Características[editar]

Normalmente para preservar una muestra biológica durante el mayor tiempo posible sin que pierda su calidad se utiliza nitrógeno líquido. De esta manera sumergiendo la muestra en nitrógeno líquido se alcanzan temperaturas entre -80 y -195,79 ºC (la temperatura de ebullición del nitrógeno líquido). La utilización de helio líquido permite alcanzar temperaturas incluso menores de hasta -268,93 ºC (temperatura de ebullición del helio), aunque este es mucho más caro. A estas temperaturas cualquier actividad biológica, incluidas las reacciones bioquímicas que producen la muertes de los organismos, quedan totalmente detenidos por congelación. Las muestras criopreservadas en nitrógeno líquido sólo estarán afectadas por las radiaciones que puedan incidir sobre ellas puesto que la congelación impide todo movimiento molecular en la muestra.El problema lo constituyen el proceso de congelación previo y la descongelación posterior que es lo que afecta gravemente a las muestras por los siguientes motivos:

  • Formación de cristales de hielo durante la congelación del agua

Estos cristales se forman tanto fuera como dentro de la célula y son los cristales intracelulares los que comportándose como cuchillas cortan las estructuras internas de la célula, especialmente las membranas.

  • El hielo es dinámico

El hielo no es inerte, entre los 0 y los -30º el hielo cambia continuamente de conformación lo que provoca que se acentúe el efecto "cuchilla" del mismo.

Debido a estos efectos durante la congelación se debe evitar la formación de hielo intracelular siguiendo una serie de reglas:

  • Deshidratar la célula. Hay que extraer el agua de la célula y sustituirla por crioprotectores o criopreservantes que mantengan el equilibrio osmótico. Si la célula llega al 30% de deshidratación se alcanza un punto de no retrono, a partir del cual las condiciones biológicas son irrecuperables (Merymann, 1968).
  • Tipos de crioprotectores.

- Agentes penetrantes: Crioprotectores con bajo peso molecular, permeables a través de la membrana. Desplazan el agua intracelular evitando la formación de cristales de hielo. Se utilizan para congelaciones a velocidad lenta.

- Agentes no penetrantes: Son crioprotectores con un alto peso molecular, y por lo tanto no permeables a través de la membrana. Promueven la rápida deshidratación celular. Se utilizan para las congelaciones a velocidades altas. Un ejemplo de ellos son los azúcares: sacarosa, glucosa, trealosa...

  • Controlar la velocidad de congelación. Hay que controlar la velocidad de congelación para que la formación de los cristales intracelulares sea lo menos dañina posible. Si la congelación se produce demasiado rápido se forma el hielo intracelular y si se da demasiado lento se produce el colapso celular.
  • Ralentizar el metabolismo celular. Para ello se trabaja a temperatura ambiente o a 4ºC.
  • Descongelación. Para realizar la descongelación se debe eliminar rápidamente la presencia intra y extracelular de los crioprotectores que suelen ser tóxicos a las elevadas concentraciones utilizadas.

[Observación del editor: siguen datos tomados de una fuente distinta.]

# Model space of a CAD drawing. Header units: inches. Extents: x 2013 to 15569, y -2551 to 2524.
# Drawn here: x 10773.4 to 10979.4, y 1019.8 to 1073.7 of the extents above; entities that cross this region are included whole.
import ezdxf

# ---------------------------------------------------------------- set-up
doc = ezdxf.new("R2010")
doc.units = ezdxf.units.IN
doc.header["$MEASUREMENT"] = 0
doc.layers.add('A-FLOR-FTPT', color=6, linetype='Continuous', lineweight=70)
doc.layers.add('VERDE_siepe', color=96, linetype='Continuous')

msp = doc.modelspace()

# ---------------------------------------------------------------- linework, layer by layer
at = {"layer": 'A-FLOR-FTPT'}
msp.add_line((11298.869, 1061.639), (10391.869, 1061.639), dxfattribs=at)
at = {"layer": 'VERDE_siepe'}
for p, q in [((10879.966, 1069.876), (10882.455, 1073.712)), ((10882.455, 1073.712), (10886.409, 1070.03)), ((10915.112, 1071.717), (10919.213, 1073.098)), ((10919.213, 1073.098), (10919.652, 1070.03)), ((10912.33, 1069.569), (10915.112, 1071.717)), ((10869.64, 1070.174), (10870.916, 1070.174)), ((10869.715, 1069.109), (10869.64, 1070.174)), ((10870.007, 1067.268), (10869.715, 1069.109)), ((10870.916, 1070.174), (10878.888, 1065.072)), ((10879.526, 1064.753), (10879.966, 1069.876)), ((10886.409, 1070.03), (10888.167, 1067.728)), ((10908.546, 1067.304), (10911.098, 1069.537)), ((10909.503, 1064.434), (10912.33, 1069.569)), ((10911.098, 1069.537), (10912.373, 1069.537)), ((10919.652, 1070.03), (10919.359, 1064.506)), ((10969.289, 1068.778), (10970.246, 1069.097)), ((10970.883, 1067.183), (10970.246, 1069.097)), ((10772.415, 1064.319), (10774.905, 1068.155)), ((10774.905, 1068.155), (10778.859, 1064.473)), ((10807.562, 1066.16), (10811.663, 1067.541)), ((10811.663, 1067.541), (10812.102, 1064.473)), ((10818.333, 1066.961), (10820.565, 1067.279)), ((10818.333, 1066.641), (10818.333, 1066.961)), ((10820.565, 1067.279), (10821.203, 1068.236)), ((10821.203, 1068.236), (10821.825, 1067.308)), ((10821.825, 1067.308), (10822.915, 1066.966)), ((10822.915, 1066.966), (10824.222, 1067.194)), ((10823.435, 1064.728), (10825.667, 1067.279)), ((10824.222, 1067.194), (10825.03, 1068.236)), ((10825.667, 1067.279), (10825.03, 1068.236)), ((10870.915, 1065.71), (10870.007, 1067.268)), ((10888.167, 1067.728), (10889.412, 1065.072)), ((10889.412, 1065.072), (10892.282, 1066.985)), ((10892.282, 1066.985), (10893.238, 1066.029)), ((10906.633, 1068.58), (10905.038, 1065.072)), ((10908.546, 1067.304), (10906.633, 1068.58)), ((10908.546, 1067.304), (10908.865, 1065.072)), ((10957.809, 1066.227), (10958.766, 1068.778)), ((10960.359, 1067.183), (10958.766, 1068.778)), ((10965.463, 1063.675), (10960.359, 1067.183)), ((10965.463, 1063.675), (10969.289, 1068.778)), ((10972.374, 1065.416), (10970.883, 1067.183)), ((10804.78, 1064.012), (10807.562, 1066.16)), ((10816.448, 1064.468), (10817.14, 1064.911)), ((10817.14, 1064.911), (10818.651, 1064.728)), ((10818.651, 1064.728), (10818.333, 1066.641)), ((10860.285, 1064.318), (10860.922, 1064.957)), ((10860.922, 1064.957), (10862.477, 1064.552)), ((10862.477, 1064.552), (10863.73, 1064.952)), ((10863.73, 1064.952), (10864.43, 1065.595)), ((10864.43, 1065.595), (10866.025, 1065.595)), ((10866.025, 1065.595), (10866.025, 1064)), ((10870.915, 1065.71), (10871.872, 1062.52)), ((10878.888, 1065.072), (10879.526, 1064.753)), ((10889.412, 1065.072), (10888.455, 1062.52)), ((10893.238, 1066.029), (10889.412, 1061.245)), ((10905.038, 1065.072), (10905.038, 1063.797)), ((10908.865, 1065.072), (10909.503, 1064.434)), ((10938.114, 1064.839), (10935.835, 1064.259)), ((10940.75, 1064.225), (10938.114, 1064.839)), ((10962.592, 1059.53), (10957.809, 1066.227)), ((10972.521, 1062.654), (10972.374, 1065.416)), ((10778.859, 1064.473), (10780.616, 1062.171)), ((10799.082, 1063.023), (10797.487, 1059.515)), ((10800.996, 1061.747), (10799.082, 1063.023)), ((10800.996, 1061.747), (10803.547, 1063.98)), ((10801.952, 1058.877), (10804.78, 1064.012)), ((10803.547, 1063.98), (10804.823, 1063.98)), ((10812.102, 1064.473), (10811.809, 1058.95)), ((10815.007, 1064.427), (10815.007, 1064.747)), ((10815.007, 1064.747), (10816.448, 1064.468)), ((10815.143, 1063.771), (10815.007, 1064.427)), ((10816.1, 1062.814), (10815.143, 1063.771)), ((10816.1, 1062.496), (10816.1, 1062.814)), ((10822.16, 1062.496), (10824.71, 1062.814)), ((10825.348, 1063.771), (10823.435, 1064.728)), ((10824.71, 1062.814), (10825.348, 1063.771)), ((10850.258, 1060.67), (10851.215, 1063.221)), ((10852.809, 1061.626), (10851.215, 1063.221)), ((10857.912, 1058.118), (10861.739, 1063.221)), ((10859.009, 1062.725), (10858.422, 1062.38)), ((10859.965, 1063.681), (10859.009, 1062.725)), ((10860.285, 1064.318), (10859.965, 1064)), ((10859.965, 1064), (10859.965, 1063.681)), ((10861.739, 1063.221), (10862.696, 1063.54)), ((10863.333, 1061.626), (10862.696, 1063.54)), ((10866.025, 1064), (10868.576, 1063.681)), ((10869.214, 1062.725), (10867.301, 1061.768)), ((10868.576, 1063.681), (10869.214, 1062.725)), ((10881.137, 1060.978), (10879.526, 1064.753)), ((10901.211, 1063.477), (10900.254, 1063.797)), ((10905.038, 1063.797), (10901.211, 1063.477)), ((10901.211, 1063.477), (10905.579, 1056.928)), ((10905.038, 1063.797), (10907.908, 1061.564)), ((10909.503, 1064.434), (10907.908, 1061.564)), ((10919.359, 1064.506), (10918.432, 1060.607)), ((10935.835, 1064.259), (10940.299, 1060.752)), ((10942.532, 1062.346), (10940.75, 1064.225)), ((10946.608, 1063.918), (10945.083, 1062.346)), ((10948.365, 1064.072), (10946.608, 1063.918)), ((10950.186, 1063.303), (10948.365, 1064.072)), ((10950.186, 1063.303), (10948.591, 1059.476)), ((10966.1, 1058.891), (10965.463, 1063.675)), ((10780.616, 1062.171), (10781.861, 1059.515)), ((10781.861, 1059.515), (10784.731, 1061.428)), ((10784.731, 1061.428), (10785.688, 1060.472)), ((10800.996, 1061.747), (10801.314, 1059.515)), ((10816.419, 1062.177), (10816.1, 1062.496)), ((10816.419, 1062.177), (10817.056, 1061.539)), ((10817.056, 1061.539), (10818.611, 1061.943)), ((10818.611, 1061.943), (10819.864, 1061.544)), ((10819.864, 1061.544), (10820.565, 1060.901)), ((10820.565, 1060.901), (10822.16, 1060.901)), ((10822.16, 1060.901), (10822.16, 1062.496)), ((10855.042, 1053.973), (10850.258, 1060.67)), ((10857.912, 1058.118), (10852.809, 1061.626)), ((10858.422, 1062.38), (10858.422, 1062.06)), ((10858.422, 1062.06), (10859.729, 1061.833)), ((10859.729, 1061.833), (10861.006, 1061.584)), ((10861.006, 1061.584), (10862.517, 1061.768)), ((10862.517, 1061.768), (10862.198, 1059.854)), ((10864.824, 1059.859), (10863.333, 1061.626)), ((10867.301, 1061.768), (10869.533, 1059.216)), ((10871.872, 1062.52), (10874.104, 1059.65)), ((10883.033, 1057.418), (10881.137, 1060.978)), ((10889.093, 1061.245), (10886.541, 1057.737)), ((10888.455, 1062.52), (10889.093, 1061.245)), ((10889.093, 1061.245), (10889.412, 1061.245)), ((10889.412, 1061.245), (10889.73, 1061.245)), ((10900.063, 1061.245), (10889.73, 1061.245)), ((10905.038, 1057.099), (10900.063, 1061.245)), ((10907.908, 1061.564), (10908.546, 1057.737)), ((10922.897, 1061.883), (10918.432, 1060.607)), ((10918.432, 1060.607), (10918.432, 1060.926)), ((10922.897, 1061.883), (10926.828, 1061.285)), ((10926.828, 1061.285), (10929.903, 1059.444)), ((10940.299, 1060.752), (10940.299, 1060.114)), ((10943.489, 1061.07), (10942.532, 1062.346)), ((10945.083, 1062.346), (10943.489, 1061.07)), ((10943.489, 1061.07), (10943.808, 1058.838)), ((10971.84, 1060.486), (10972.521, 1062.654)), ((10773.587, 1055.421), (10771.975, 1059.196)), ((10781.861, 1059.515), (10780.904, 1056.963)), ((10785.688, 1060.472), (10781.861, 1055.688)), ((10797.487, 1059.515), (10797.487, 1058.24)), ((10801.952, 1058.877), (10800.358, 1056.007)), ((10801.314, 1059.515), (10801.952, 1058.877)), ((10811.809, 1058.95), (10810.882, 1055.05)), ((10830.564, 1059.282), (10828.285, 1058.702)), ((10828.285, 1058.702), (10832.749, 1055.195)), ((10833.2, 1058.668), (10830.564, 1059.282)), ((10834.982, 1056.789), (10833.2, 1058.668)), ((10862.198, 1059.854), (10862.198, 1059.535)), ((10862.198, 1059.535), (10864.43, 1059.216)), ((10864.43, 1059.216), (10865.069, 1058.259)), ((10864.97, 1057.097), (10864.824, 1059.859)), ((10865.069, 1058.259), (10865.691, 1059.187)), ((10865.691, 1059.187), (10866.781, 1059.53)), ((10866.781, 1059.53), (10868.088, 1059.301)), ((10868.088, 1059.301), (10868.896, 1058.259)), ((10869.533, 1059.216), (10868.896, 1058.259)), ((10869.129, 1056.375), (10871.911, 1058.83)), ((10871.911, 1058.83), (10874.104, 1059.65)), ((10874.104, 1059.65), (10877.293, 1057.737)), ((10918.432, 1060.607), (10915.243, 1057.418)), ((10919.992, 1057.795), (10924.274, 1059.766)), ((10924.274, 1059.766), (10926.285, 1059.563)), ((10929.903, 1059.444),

Se debe atemperar de manera correcta la muestras hasta su temperatura de cultivo.

Como regla general podemos afirmar que apróximadamente el 50% de las células que congelamos no sobrevivirán a la descongelación. Actualmente se ha logrado superar esta etapa y de la congelación se ha pasado a la vitrificación, de tal forma que con este nuevo método se consigue que no se creen cristales de hielo y sobrevivan la práctica totalidad de todas las células inmersas en el proceso.

Criopreservantes[editar]

Un criopreservante es un compuesto químico que permite el mantenimiento de un tejido o de células por mucho tiempo cuando se las mantiene a baja temperatura. Los criopreservantes se catalogan de acuerdo a la velocidad para penetrar los tejidos, el grado de protección al cristal de agua que confieren y por la toxicidad química que pueden tener sobre las células. El grado de protección a las células está directamente vinculado al grado de asociación que tengan con el agua molecular. A mayor afinidad, menor el agua disponible para la cristalización dañina. Además, estos productos se utilizan en conjunto con los medios nutritivos líquidos que conforman las mezclas congelantes.

Aplicación[editar]

Las concentraciones criopreservantes son lamentablemente tóxicas para el tejido a temperatura ambiente, por lo cual, en el procedimiento de congelado, se deben respetar ciertos tiempos de exposición del material a 4° C, para que el producto protector penetre el tejido sin alcanzar los niveles tóxicos referidos, antes del inicio del proceso de congelamiento propiamente tal. En el mismo sentido, cuando se procede a la técnica de descongelado, previo al uso del material, se lo debe someter a un lavado minucioso con medios nutritivos a concentraciones decrecientes del criopreservante, para su total eliminación evitando de esa forma los efectos tóxicos.

Criopreservantes[editar]

Podemos distinguir dos tipos: agentes penetrantes y agentes no penetrantes.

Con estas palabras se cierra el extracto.